I'm just tired of the people who jusdge me because I have DWA animals. I don't broadcast it, I only tell people I think should know. But still, they all give me :censor: about it. It's just sooo anoying.


----------



## sekhmet (May 9, 2007)

maybe its because you dont ask the person you live wit if it ok to bring them in2 house. even though they live there too???? :whistling2::Na_Na_Na_Na:


----------



## SiUK (Feb 15, 2007)

none of my relatives know, I just keep it to myself my mum gives me a bit of jip about it but not too much, just the usual be careful, get some gloves, dont do this ect.... but generally shes alright.


----------



## glidergirl (Nov 27, 2006)

Never had a problem, I'm sure it's only because they care though?


----------



## kieran8143 (Mar 10, 2008)

yer im sure it is because they care but it does get a lil annoying when people have to keep going over and over the same thing!


----------



## Rain (Oct 9, 2007)

Heck, I dont have DWAs and have loads of people (who don't really know me) saying I'm crazy for keeping big snakes. These aren't people who care about me, or worry, these are people who just dont understand and are afraid of things they dont understand....


----------



## Mason (Jan 21, 2008)

I was just about to say..

Try having 50%+ of the angry teenagers on this forum think you only keep retics to appear "cool" and every time you say a harsh word having it put down to "big snake keepers talk down to everyone else" or "big snake keepers think they are better than everyone else"

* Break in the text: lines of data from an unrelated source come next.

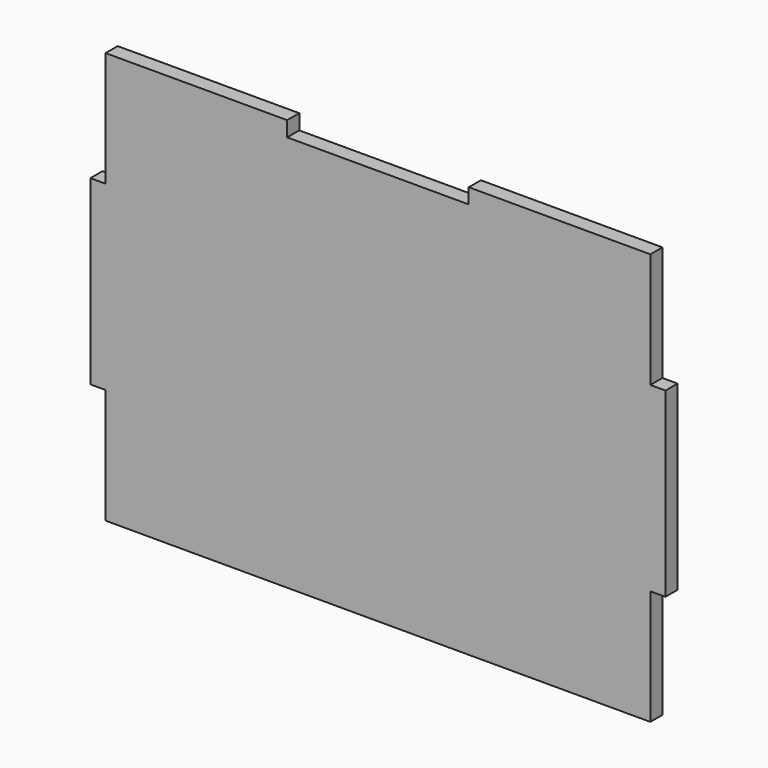
from build123d import *

# Parameters (mm, degrees)
F1_DEPTH = 3.175


# Not quite as in the source:
# - a feature names something its author has since deleted; it is built from what else it names


with BuildPart() as f1:
    # F0 (on Front) → F1 (new body)
    with BuildSketch(Plane.XZ):
        Polygon((-57.15, -43.18), (57.15, -43.18), (57.15, -19.05), (60.325, -19.05), (60.325, 19.05), (57.15, 19.05), (57.15, 43.18), (19.05, 43.18), (19.05, 40.005), (-19.05, 40.005), (-19.05, 43.18), (-57.15, 43.18), (-57.15, 19.05), (-60.325, 19.05), (-60.325, 0), (-60.325, -19.05), (-57.15, -19.05), align=None)
    extrude(amount=F1_DEPTH)


solid = f1.part

All because I got wound up by some piece of idiocy by some halfbrained f*ckwit who just asked a question that would have been covered in "Bambi and friends teach you how to care for your first snake on disney DVD" on and say something sarcastic it MUST be my bad attitude caused by my preference for pyhton reticulatus.

T*ssers.

Ahh that feels better


----------



## ian14 (Jan 2, 2008)

I don't have DWA, but do have plenty of rear fangs. I personally would be seriously p'd off if I was criticised for having animals which need to be legally licenced before I keep them, and met the criteria for having them. All of my rear fangs are locked away just as DWA would be. As for giant snakes, if you are experienced enough to keep them, then complainers should go and grow up! Mason, we have disagreed over mangroves, but to keep retics is NOT a sign of bad attitude, and if I had the space, I would have them as they are awsome!


----------



## Declan123 (Dec 29, 2007)

I only keep Rear Fanged atm, but my "close" family are backing me all the way


----------



## ian14 (Jan 2, 2008)

I hope I am not seen as hijacking this. I see no reason why experienced herp keepers should not be able to keep such amazing, and, lets face it, evolutionary exciting snakes as rear fanged colubrids. I clearly remember some 15 years ago, and maybe more, when there was huge excitement at the discovery of western hoggies able to give a venomous bite. This was an example of evolution in action.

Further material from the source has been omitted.